- Dataset

──────

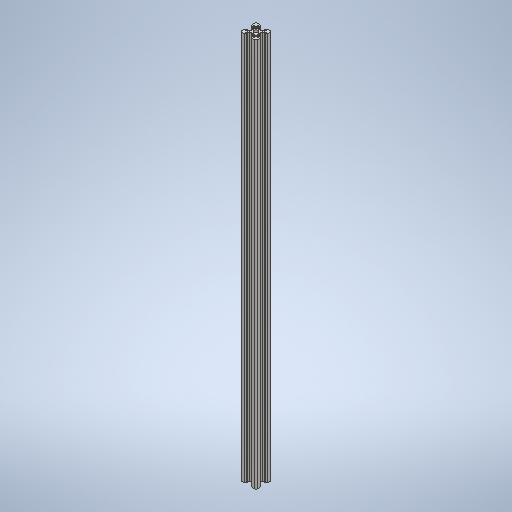
# Autodesk Inventor part: AP20x20x500
Saved by Autodesk Inventor 2025.2 (Build 292293000, 293)
## iProperties
Created: 2016-10-26
Part Number: AP20x20x500
Material: Типовые
Document SubType Name: Modeling
Designer: skhalipa
Density: 1 g/cm^3
Appearance: По умолчанию
Author: skhalipa
Autodesk Inventor part; units mm, degrees
ref_plane "YZ Plane" through (0, 0, 0) normal (1, 0, 0) x (0, 1, 0)
ref_plane "XZ Plane" through (0, 0, 0) normal (0, 1, 0) x (-1, 0, 0)
ref_plane "XY Plane" through (0, 0, 0) normal (0, 0, 1) x (1, 0, 0)
sketch "Эскиз1" plane through (0, 0, 0) normal (0, 0, 1) x (1, 0, 0)
  line L0 (-3.9516, 0.1853) -> (-3.8064, 0.0038)
  line L1 (-3.9516, -0.1778) -> (-3.8064, 0.0038)
  arc A0 (-3.9516, -0.1778) -> (-4.0064, -0.3339) centre (-3.7564, -0.3339) ccw
  line L2 (-4.0064, -0.3339) -> (-4.0064, -1.895)
  arc A1 (-4.5922, -3.3092) -> (-4.0064, -1.895) centre (-6.0064, -1.895) ccw
  line L3 (-4.5922, -3.3092) -> (-6.2863, -5.0033)
  arc A2 (-6.9934, -5.2962) -> (-6.2863, -5.0033) centre (-6.9934, -4.2962) ccw
  line L4 (-6.9934, -5.2962) -> (-7.8064, -5.2962)
  arc A3 (-8.0064, -5.0962) -> (-7.8064, -5.2962) centre (-7.8064, -5.0962) ccw
  line L5 (-8.0064, -5.0962) -> (-8.0064, -3.3262)
  arc A4 (-8.0064, -3.3262) -> (-8.4332, -3.1495) centre (-8.2564, -3.3262) ccw
  line L6 (-9.9332, -4.6495) -> (-8.4332, -3.1495)
  arc A5 (-9.9332, -4.6495) -> (-10.0064, -4.8262) centre (-9.7564, -4.8262) ccw
  line L7 (-10.0064, -4.8262) -> (-10.0064, -8.4962)
  arc A6 (-10.0064, -8.4962) -> (-8.5064, -9.9962) centre (-8.5064, -8.4962) ccw
  line L8 (-4.8364, -9.9962) -> (-8.5064, -9.9962)
  arc A7 (-4.8364, -9.9962) -> (-4.6596, -9.923) centre (-4.8364, -9.7462) ccw
  line L9 (-4.6596, -9.923) -> (-3.1596, -8.423)
  arc A8 (-3.1596, -8.423) -> (-3.3364, -7.9962) centre (-3.3364, -8.2462) ccw
  line L10 (-5.1064, -7.9962) -> (-3.3364, -7.9962)
  arc A9 (-5.3064, -7.7962) -> (-5.1064, -7.9962) centre (-5.1064, -7.7962) ccw
  line L11 (-5.3064, -6.9832) -> (-5.3064, -7.7962)
  arc A10 (-5.0135, -6.2761) -> (-5.3064, -6.9832) centre (-4.3064, -6.9832) ccw
  line L12 (-3.3194, -4.582) -> (-5.0135, -6.2761)
  arc A11 (-1.9052, -3.9962) -> (-3.3194, -4.582) centre (-1.9052, -5.9962) ccw
  line L13 (-0.3441, -3.9962) -> (-1.9052, -3.9962)
  arc A12 (-0.3441, -3.9962) -> (-0.1879, -3.9415) centre (-0.3441, -3.7462) ccw
  line L14 (-0.1879, -3.9415) -> (-0.0064, -3.7962)
  line L15 (0.1751, -3.9415) -> (-0.0064, -3.7962)
  arc A13 (0.1751, -3.9415) -> (0.3313, -3.9962) centre (0.3313, -3.7462) ccw
  line L16 (0.3313, -3.9962) -> (1.8924, -3.9962)
  arc A14 (3.3066, -4.582) -> (1.8924, -3.9962) centre (1.8924, -5.9962) ccw
  line L17 (3.3066, -4.582) -> (5.0007, -6.2761)
  arc A15 (5.2936, -6.9832) -> (5.0007, -6.2761) centre (4.2936, -6.9832) ccw
  line L18 (5.2936, -6.9832) -> (5.2936, -7.7962)
  arc A16 (5.0936, -7.9962) -> (5.2936, -7.7962) centre (5.0936, -7.7962) ccw
  line L19 (5.0936, -7.9962) -> (3.3236, -7.9962)
  arc A17 (3.3236, -7.9962) -> (3.1468, -8.423) centre (3.3236, -8.2462) ccw
  line L20 (4.6468, -9.923) -> (3.1468, -8.423)
  arc A18 (4.6468, -9.923) -> (4.8236, -9.9962) centre (4.8236, -9.7462) ccw
  line L21 (4.8236, -9.9962) -> (8.4936, -9.9962)
  arc A19 (8.4936, -9.9962) -> (9.9936, -8.4962) centre (8.4936, -8.4962) ccw
  line L22 (9.9936, -4.8262) -> (9.9936, -8.4962)
  arc A20 (9.9936, -4.8262) -> (9.9204, -4.6495) centre (9.7436, -4.8262) ccw
  line L23 (9.9204, -4.6495) -> (8.4204, -3.1495)
  arc A21 (8.4204, -3.1495) -> (7.9936, -3.3262) centre (8.2436, -3.3262) ccw
  line L24 (7.9936, -5.0962) -> (7.9936, -3.3262)
  arc A22 (7.7936, -5.2962) -> (7.9936, -5.0962) centre (7.7936, -5.0962) ccw
  line L25 (6.9806, -5.2962) -> (7.7936, -5.2962)
  arc A23 (6.2735, -5.0033) -> (6.9806, -5.2962) centre (6.9806, -4.2962) ccw
  line L26 (4.5794, -3.3092) -> (6.2735, -5.0033)
  arc A24 (3.9936, -1.895) -> (4.5794, -3.3092) centre (5.9936, -1.895) ccw
  line L27 (3.9936, -0.3339) -> (3.9936, -1.895)
  arc A25 (3.9936, -0.3339) -> (3.9388, -0.1778) centre (3.7436, -0.3339) ccw
  line L28 (3.9388, -0.1778) -> (3.7936, 0.0038)
  line L29 (3.9388, 0.1853) -> (3.7936, 0.0038)
  arc A26 (3.9388, 0.1853) -> (3.9936, 0.3415) centre (3.7436, 0.3415) ccw
  line L30 (3.9936, 0.3415) -> (3.9936, 1.9025)
  arc A27 (4.5794, 3.3168) -> (3.9936, 1.9025) centre (5.9936, 1.9025) ccw
  line L31 (4.5794, 3.3168) -> (6.2735, 5.0109)
  arc A28 (6.9806, 5.3038) -> (6.2735, 5.0109) centre (6.9806, 4.3038) ccw
  line L32 (6.9806, 5.3038) -> (7.7936, 5.3038)
  arc A29 (7.9936, 5.1038) -> (7.7936, 5.3038) centre (7.7936, 5.1038) ccw
  line L33 (7.9936, 5.1038) -> (7.9936, 3.3338)
  arc A30 (7.9936, 3.3338) -> (8.4204, 3.157) centre (8.2436, 3.3338) ccw
  line L34 (9.9204, 4.657) -> (8.4204, 3.157)
  arc A31 (9.9204, 4.657) -> (9.9936, 4.8338) centre (9.7436, 4.8338) ccw
  line L35 (9.9936, 4.8338) -> (9.9936, 8.5038)
  arc A32 (9.9936, 8.5038) -> (8.4936, 10.0038) centre (8.4936, 8.5038) ccw
  line L36 (4.8236, 10.0038) -> (8.4936, 10.0038)
  arc A33 (4.8236, 10.0038) -> (4.6468, 9.9305) centre (4.8236, 9.7538) ccw
  line L37 (4.6468, 9.9305) -> (3.1468, 8.4305)
  arc A34 (3.1468, 8.4305) -> (3.3236, 8.0038) centre (3.3236, 8.2538) ccw
  line L38 (5.0936, 8.0038) -> (3.3236, 8.0038)
  arc A35 (5.2936, 7.8038) -> (5.0936, 8.0038) centre (5.0936, 7.8038) ccw
  line L39 (5.2936, 6.9908) -> (5.2936, 7.8038)
  arc A36 (5.0007, 6.2837) -> (5.2936, 6.9908) centre (4.2936, 6.9908) ccw
  line L40 (3.3066, 4.5895) -> (5.0007, 6.2837)
  arc A37 (1.8924, 4.0038) -> (3.3066, 4.5895) centre (1.8924, 6.0038) ccw
  line L41 (0.3313, 4.0038) -> (1.8924, 4.0038)
  arc A38 (0.3313, 4.0038) -> (0.1751, 3.949) centre (0.3313, 3.7538) ccw
  line L42 (0.1751, 3.949) -> (-0.0064, 3.8038)
  line L43 (-0.1879, 3.949) -> (-0.0064, 3.8038)
  arc A39 (-0.1879, 3.949) -> (-0.3441, 4.0038) centre (-0.3441, 3.7538) ccw
  line L44 (-0.3441, 4.0038) -> (-1.9052, 4.0038)
  arc A40 (-3.3194, 4.5895) -> (-1.9052, 4.0038) centre (-1.9052, 6.0038) ccw
  line L45 (-3.3194, 4.5895) -> (-5.0135, 6.2837)
  arc A41 (-5.3064, 6.9908) -> (-5.0135, 6.2837) centre (-4.3064, 6.9908) ccw
  line L46 (-5.3064, 6.9908) -> (-5.3064, 7.8038)
  arc A42 (-5.1064, 8.0038) -> (-5.3064, 7.8038) centre (-5.1064, 7.8038) ccw
  line L47 (-5.1064, 8.0038) -> (-3.3364, 8.0038)
  arc A43 (-3.3364, 8.0038) -> (-3.1596, 8.4305) centre (-3.3364, 8.2538) ccw
  line L48 (-4.6596, 9.9305) -> (-3.1596, 8.4305)
  arc A44 (-4.6596, 9.9305) -> (-4.8364, 10.0038) centre (-4.8364, 9.7538) ccw
  line L49 (-4.8364, 10.0038) -> (-8.5064, 10.0038)
  arc A45 (-8.5064, 10.0038) -> (-10.0064, 8.5038) centre (-8.5064, 8.5038) ccw
  line L50 (-10.0064, 4.8338) -> (-10.0064, 8.5038)
  arc A46 (-10.0064, 4.8338) -> (-9.9332, 4.657) centre (-9.7564, 4.8338) ccw
  line L51 (-9.9332, 4.657) -> (-8.4332, 3.157)
  arc A47 (-8.4332, 3.157) -> (-8.0064, 3.3338) centre (-8.2564, 3.3338) ccw
  line L52 (-8.0064, 5.1038) -> (-8.0064, 3.3338)
  arc A48 (-7.8064, 5.3038) -> (-8.0064, 5.1038) centre (-7.8064, 5.1038) ccw
  line L53 (-6.9934, 5.3038) -> (-7.8064, 5.3038)
  arc A49 (-6.2863, 5.0109) -> (-6.9934, 5.3038) centre (-6.9934, 4.3038) ccw
  line L54 (-4.5922, 3.3168) -> (-6.2863, 5.0109)
  arc A50 (-4.0064, 1.9025) -> (-4.5922, 3.3168) centre (-6.0064, 1.9025) ccw
  line L55 (-4.0064, 0.3415) -> (-4.0064, 1.9025)
  arc A51 (-4.0064, 0.3415) -> (-3.9516, 0.1853) centre (-3.7564, 0.3415) ccw
  circle A52 centre (-0.0064, 0.0038) radius 2.5
  point P0 (0, 0)
  point P1 (-0.0064, 0.0038)
  dimension "d0" = 0.25
  dimension "d1" = 1.5
  dimension "d2" = 0.2
  dimension "d3" = 1
  dimension "d4" = 2
  dimension "d5" = 5
  dimension "d6" = 135
  dimension "d7" = 38.66
  dimension "d8" = 38.66
  dimension "d9" = 45
  dimension "d10" = 2
  dimension "d11" = 4.7
  dimension "d12" = 14
  dimension "d13" = 15.3
  dimension "d14" = 20
  dimension "d15" = 2.829
  dimension "d16" = 4.629
  dimension "d17" = 7.4579
  dimension "d18" = 2.829
  dimension "d19" = 4.629
  dimension "d20" = 7.4579
  dimension "d21" = 10.6
  dimension "d22" = 4.7
  dimension "d23" = 15.3
  dimension "d24" = 2.7
  dimension "d25" = 13.3
  dimension "d26" = 5.9346
  dimension "d27" = 5.9346
  dimension "d28" = 5.9346
  dimension "d29" = 5.9346
  dimension "d30" = 9.9936
  dimension "d31" = 3.7218
  dimension "d32" = 3.7271
  dimension "d33" = 5.3038
  dimension "d34" = 2.96
  dimension "d35" = 2.9647
  dimension "d36" = 2.9742
  dimension "d37" = 2.9684
  dimension "d38" = 8.0064
  dimension "d39" = 10
  dimension "d40" = 3.729
  dimension "d41" = 10
  dimension "d42" = 3.729
  constraints: 158 tangent, 112 end point, 104 point on circle, 53 centre point, 43 equal radius, 24 parallel, 3 perpendicular, 1 horizontal, 1 vertical
  measures "d0" radius of A31
  measures "d1" radius of A32
  measures "d2" radius of A29
  measures "d3" radius of A28
  measures "d4" radius of A27
  measures "d5" diameter of A52
  measures "d6" angle of L35 L34
  measures "d7" angle of L22 L29
  measures "d8" angle of L22 L28
  measures "d9" angle of L5 L34
  measures "d10" distance between parallel lines of L35 L33
  measures "d11" distance between parallel lines of L35 L39
  measures "d12" distance between parallel lines of L35 L55
  measures "d13" distance between parallel lines of L35 L46
  measures "d14" distance between parallel lines of L35 L50
  measures "d15" distance between parallel lines of L34 L31
  measures "d16" distance between parallel lines of L34 L40
  measures "d17" distance between parallel lines of L34 L37
  measures "d18" distance between parallel lines of L23 L26
  measures "d19" distance between parallel lines of L23 L17
  measures "d20" distance between parallel lines of L23 L20
  measures "d21" distance between parallel lines of L32 L25
  measures "d22" distance between parallel lines of L32 L36
  measures "d23" distance between parallel lines of L32 L21
  measures "d24" distance between parallel lines of L32 L38
  measures "d25" distance between parallel lines of L32 L19
  measures "d26" distance between parallel lines of L29 L1
  measures "d27" distance between parallel lines of L28 L0
  measures "d28" distance between parallel lines of L42 L14
  measures "d29" distance between parallel lines of L43 L15
  measures "d30" distance from line of point (0, 0) L35
  measures "d31" distance from line of point (0, 0) L34
  measures "d32" distance from line of point (0, 0) L23
  measures "d33" distance from line of point (0, 0) L32
  measures "d34" distance from line of point (0, 0) L29
  measures "d35" distance from line of point (0, 0) L28
  measures "d36" distance from line of point (0, 0) L42
  measures "d37" distance from line of point (0, 0) L15
  measures "d38" distance from line of point (0, 0) L5
  measures "d39" distance from line of A52.centre L35
  measures "d40" distance from line of A52.centre L34
  measures "d41" distance from line of point (-0.006, 0.004) L35
  measures "d42" distance from line of point (-0.006, 0.004) L34
extrude "Выдавливание1" add sketch "Эскиз1" along normal mid plane 500

──────

- What is required
Leave out the pictures and repeat exactly the lines from the start of the material through the line that contains "line L2 (-4.0064, -0.3339)", both included.

- Expected answer
# Autodesk Inventor part: AP20x20x500
Saved by Autodesk Inventor 2025.2 (Build 292293000, 293)
## iProperties
Created: 2016-10-26
Part Number: AP20x20x500
Material: Типовые
Document SubType Name: Modeling
Designer: skhalipa
Density: 1 g/cm^3
Appearance: По умолчанию
Author: skhalipa
Autodesk Inventor part; units mm, degrees
ref_plane "YZ Plane" through (0, 0, 0) normal (1, 0, 0) x (0, 1, 0)
ref_plane "XZ Plane" through (0, 0, 0) normal (0, 1, 0) x (-1, 0, 0)
ref_plane "XY Plane" through (0, 0, 0) normal (0, 0, 1) x (1, 0, 0)
sketch "Эскиз1" plane through (0, 0, 0) normal (0, 0, 1) x (1, 0, 0)
  line L0 (-3.9516, 0.1853) -> (-3.8064, 0.0038)
  line L1 (-3.9516, -0.1778) -> (-3.8064, 0.0038)
  arc A0 (-3.9516, -0.1778) -> (-4.0064, -0.3339) centre (-3.7564, -0.3339) ccw
  line L2 (-4.0064, -0.3339) -> (-4.0064, -1.895)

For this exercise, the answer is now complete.